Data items
^^^^

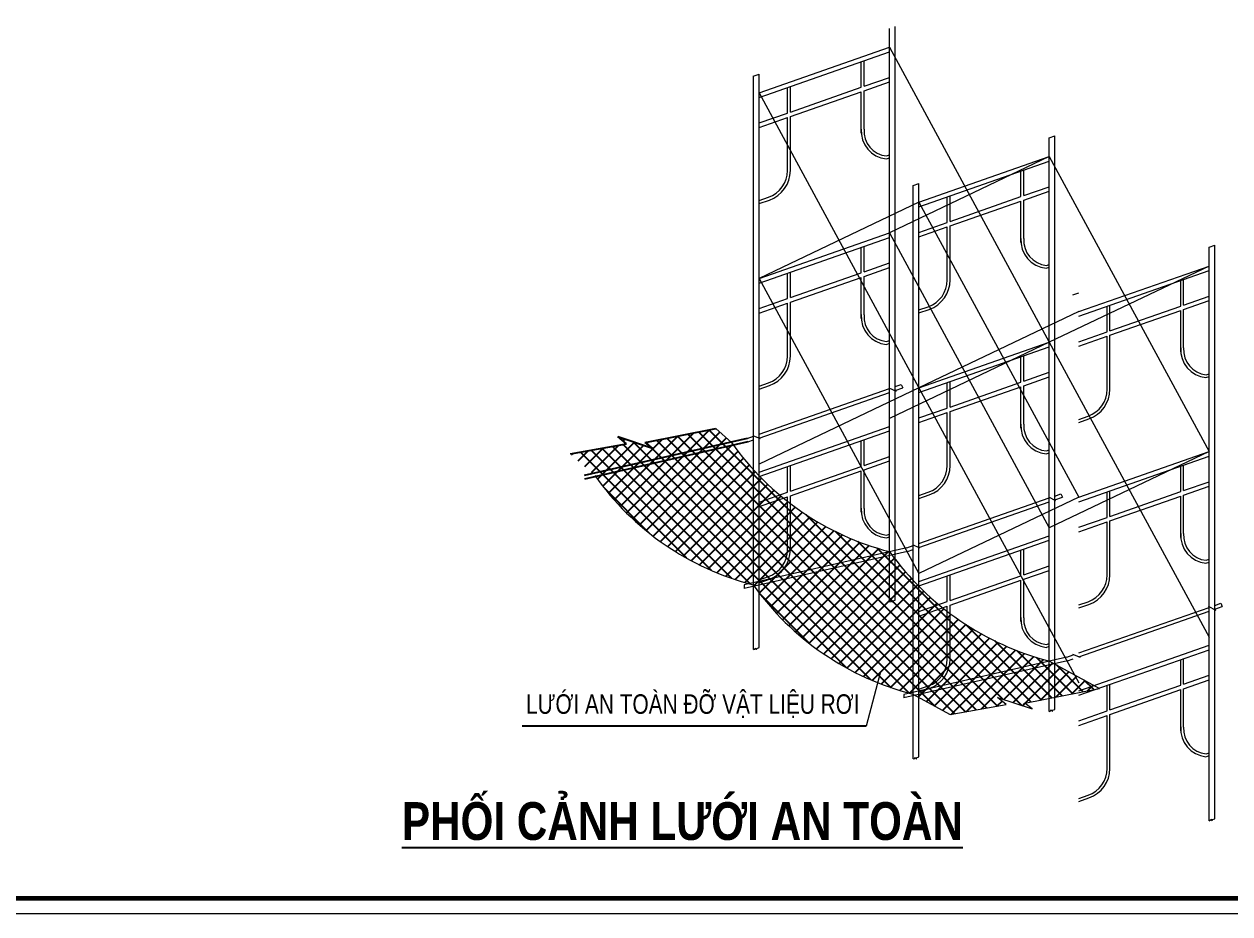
# Model space of a CAD drawing. Header units: millimetres. Extents: x 480521 to 6014615, y -961280 to 187869.
# Drawn here: x 779636 to 789070, y -57330 to -50372 of the extents above; entities that cross this region are included whole.
import ezdxf
from ezdxf.enums import TextEntityAlignment as Align

# ---------------------------------------------------------------- set-up
doc = ezdxf.new("R2010")
doc.units = ezdxf.units.MM
doc.header["$LTSCALE"] = 600
doc.header["$MEASUREMENT"] = 0
doc.layers.get('0').update_dxf_attribs({"lineweight": 0})
doc.layers.get('Defpoints').update_dxf_attribs({"lineweight": 0})
for name, color, linetype, lineweight in [('Khungten_LCDI', 7, 'Continuous', 25), ('LC Net thay', 7, 'Continuous', 25), ('LC Text1', 3, 'Continuous', 20), ('LC Text2', 7, 'Continuous', 25)]:
    doc.layers.add(name, color=color, linetype=linetype, lineweight=lineweight)
doc.layers.add('LAYER3', color=4, linetype='Continuous')
doc.styles.add('Khungten', font='VHAVAN.TTF', dxfattribs={"width": 0.9, "height": 5000})
doc.styles.add('LC 1', font='VHAVANB.TTF')
doc.styles.add('LC3', font='VHARIALB.TTF', dxfattribs={"width": 0.8})
doc.styles.add('style2', font='VHAVANB.TTF')
doc.styles.add('Title', font='VHBLACK.TTF')

# ---------------------------------------------------------------- blocks, each defined once
blk = doc.blocks.new('lcdi fix')
at = {"layer": 'Defpoints', "lineweight": 0}
blk.add_lwpolyline([(-1200, -14850), (-1200, 14850), (40800, 14850), (40800, -14850)], close=True, dxfattribs=at)
at = {"layer": 'Khungten_LCDI', "color": 5, "lineweight": 60}
blk.add_lwpolyline([(0, -14650), (0, 14650), (40600, 14650), (40600, -14650)], close=True, dxfattribs=at)
at = {"color": 7, "style": 'Khungten', "width": 0.8}
for tag, p in [('REVISION', (39499, -10746)), ('NGAYHT', (39546, -11609))]:
    blk.add_attdef(tag, text='', height=200, dxfattribs=at).set_placement(p, align=Align.CENTER)
at = {"layer": 'LC Text1', "color": 3, "style": 'LC 1', "width": 1.834006}
for tag, p, p2 in [('TENBANVE1', (36913, -8886), (40339, -8886)), ('TENBANVE2', (36913, -9562), (40339, -9562))]:
    blk.add_attdef(tag, text='', height=250, dxfattribs=at).set_placement(p, p2, align=Align.FIT)
at = {"layer": 'LC Text1', "style": 'Title', "width": 0.7}
blk.add_attdef('SOBANVE', text='', height=250, dxfattribs=at).set_placement((39562, -13896), align=Align.CENTER)
blk = doc.blocks.new('*X25')
at = {"color": 0}
for p, q in [((593.86, 512.54), (609.17, 527.85)), ((595.49, 510.64), (613.56, 528.71)), ((597.18, 508.79), (617.96, 529.58)), ((597.99, 527.28), (598.54, 527.83)), ((598.93, 507.01), (622.36, 530.44)), ((600.73, 505.27), (625.26, 529.8)), ((602.59, 503.6), (627.14, 528.15)), ((678.77, 456.14), (607.4, 527.5)), ((685.99, 452.45), (610.36, 528.08)), ((691.65, 450.33), (613.31, 528.66)), ((694.65, 450.87), (616.27, 529.24)), ((697.64, 451.4), (619.23, 529.82)), ((700.64, 451.94), (622.18, 530.4)), ((585.33, 521.69), (588.18, 524.54)), ((615.97, 494.19), (586.01, 524.15)), ((587.21, 520.03), (592.49, 525.31)), ((622.95, 490.74), (589, 524.69)), ((589.09, 518.38), (596.8, 526.09)), ((590.76, 516.52), (601.19, 526.94)), ((628.72, 488.51), (592, 525.23)), ((592.28, 514.5), (603.84, 526.06)), ((633.81, 486.95), (595, 525.76)), ((661.02, 463.28), (598, 526.3)), ((667.94, 459.9), (600.74, 527.09)), ((605.54, 525.83), (604.45, 526.92)), ((604.47, 526.69), (604.77, 526.98)), ((604.51, 501.98), (628.92, 526.39)), ((673.69, 457.68), (606.04, 525.33)), ((606.48, 500.42), (630.43, 524.36)), ((583.45, 523.35), (583.87, 523.77)), ((608.51, 498.91), (631.99, 522.39)), ((610.6, 497.47), (633.61, 520.47)), ((612.75, 496.08), (635.28, 518.61)), ((614.97, 494.76), (637.01, 516.8)), ((617.24, 493.5), (638.8, 515.06)), ((605.21, 501.41), (592.89, 513.73)), ((619.58, 492.3), (640.65, 513.37)), ((621.98, 491.17), (642.55, 511.73)), ((624.46, 490.11), (644.5, 510.15)), ((627, 489.12), (646.52, 508.64)), ((629.62, 488.2), (648.6, 507.17)), ((632.33, 487.37), (650.73, 505.77)), ((634.9, 486.41), (652.92, 504.43)), ((703.64, 452.48), (649.65, 506.47)), ((636.41, 484.38), (655.18, 503.15)), ((637.98, 482.41), (657.5, 501.94)), ((639.6, 480.5), (659.89, 500.79)), ((705.21, 454.45), (657.93, 501.73)), ((641.28, 478.64), (662.34, 499.71)), ((643.01, 476.84), (664.87, 498.7)), ((644.81, 475.1), (667.47, 497.77)), ((646.65, 473.41), (670.15, 496.91)), ((710.51, 452.68), (664.25, 498.94)), ((713.07, 453.66), (669.67, 497.06)), ((648.55, 471.78), (672.91, 496.14)), ((650.51, 470.2), (674.55, 494.24)), ((652.53, 468.68), (676.11, 492.26)), ((654.6, 467.22), (677.71, 490.33)), ((656.74, 465.82), (679.38, 488.46)), ((658.93, 464.47), (681.1, 486.65)), ((650.73, 470.03), (636.49, 484.27)), ((661.18, 463.19), (682.88, 484.89)), ((663.5, 461.97), (684.71, 483.18)), ((665.88, 460.82), (686.6, 481.53)), ((668.33, 459.73), (688.54, 479.94)), ((670.85, 458.71), (690.54, 478.41)), ((673.44, 457.77), (692.6, 476.93)), ((676.1, 456.9), (694.71, 475.51)), ((678.85, 456.11), (696.89, 474.15)), ((716.02, 454.24), (694.81, 475.45)), ((681.3, 455.03), (699.13, 472.85)), ((683.58, 453.77), (701.43, 471.62)), ((685.87, 452.52), (703.79, 470.45)), ((718.98, 454.82), (702.94, 470.86)), ((688.15, 451.27), (706.22, 469.34)), ((690.55, 450.13), (708.72, 468.3)), ((694.86, 450.9), (711.29, 467.34)), ((699.16, 451.68), (713.94, 466.45)), ((721.93, 455.4), (709.23, 468.11)), ((724.89, 455.98), (714.63, 466.24)), ((705.4, 454.38), (716.67, 465.64)), ((708.06, 453.5), (719.25, 464.69)), ((711.43, 453.34), (721.53, 463.44)), ((727.84, 456.56), (720.28, 464.12)), ((715.83, 454.2), (723.81, 462.18)), ((720.23, 455.06), (726.09, 460.93)), ((724.63, 455.93), (728.37, 459.67)), ((730.8, 457.14), (728.13, 459.81)), ((729.03, 456.79), (730.66, 458.42)), ((703.47, 452.45), (704.94, 453.91)), ((710.71, 452.61), (711.41, 453.32)), ((713.36, 451.73), (713.38, 451.75))]:
    blk.add_line(p, q, dxfattribs=at)
blk = doc.blocks.new('TIEUDE1')
at = {"layer": 'LC Text2', "color": 7, "style": 'LC 1'}
blk.add_attdef('TIªU§Ò', text='', height=5, dxfattribs=at).set_placement((0, 0), align=Align.BOTTOM_CENTER)
blk.add_attdef('TL', text='', height=3, dxfattribs=at).set_placement((0, -2), align=Align.TOP_CENTER)

msp = doc.modelspace()

# ---------------------------------------------------------------- linework, layer by layer
at = {"color": 3}
for p, q in [((786407.141, -54891.374), (786407.141, -50406.654)), ((786451.5, -54875.859), (786451.5, -50391.139)), ((785386.907, -50910.348), (786407.141, -50553.507)), ((786407.141, -50553.507), (787657.244, -52860.23)), ((785386.907, -50945.593), (786407.141, -50588.752)), ((786207.53, -50858.289), (786207.53, -50658.568)), ((786185.351, -50866.046), (786185.351, -50666.326)), ((785341.142, -50779.502), (785386.907, -50763.495)), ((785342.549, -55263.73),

^^^^

Prompt
Report each line in the preceding entries that holds the string "Defpoints".

Output of the exercise
doc.layers.get('Defpoints').update_dxf_attribs({"lineweight": 0})
at = {"layer": 'Defpoints', "lineweight": 0}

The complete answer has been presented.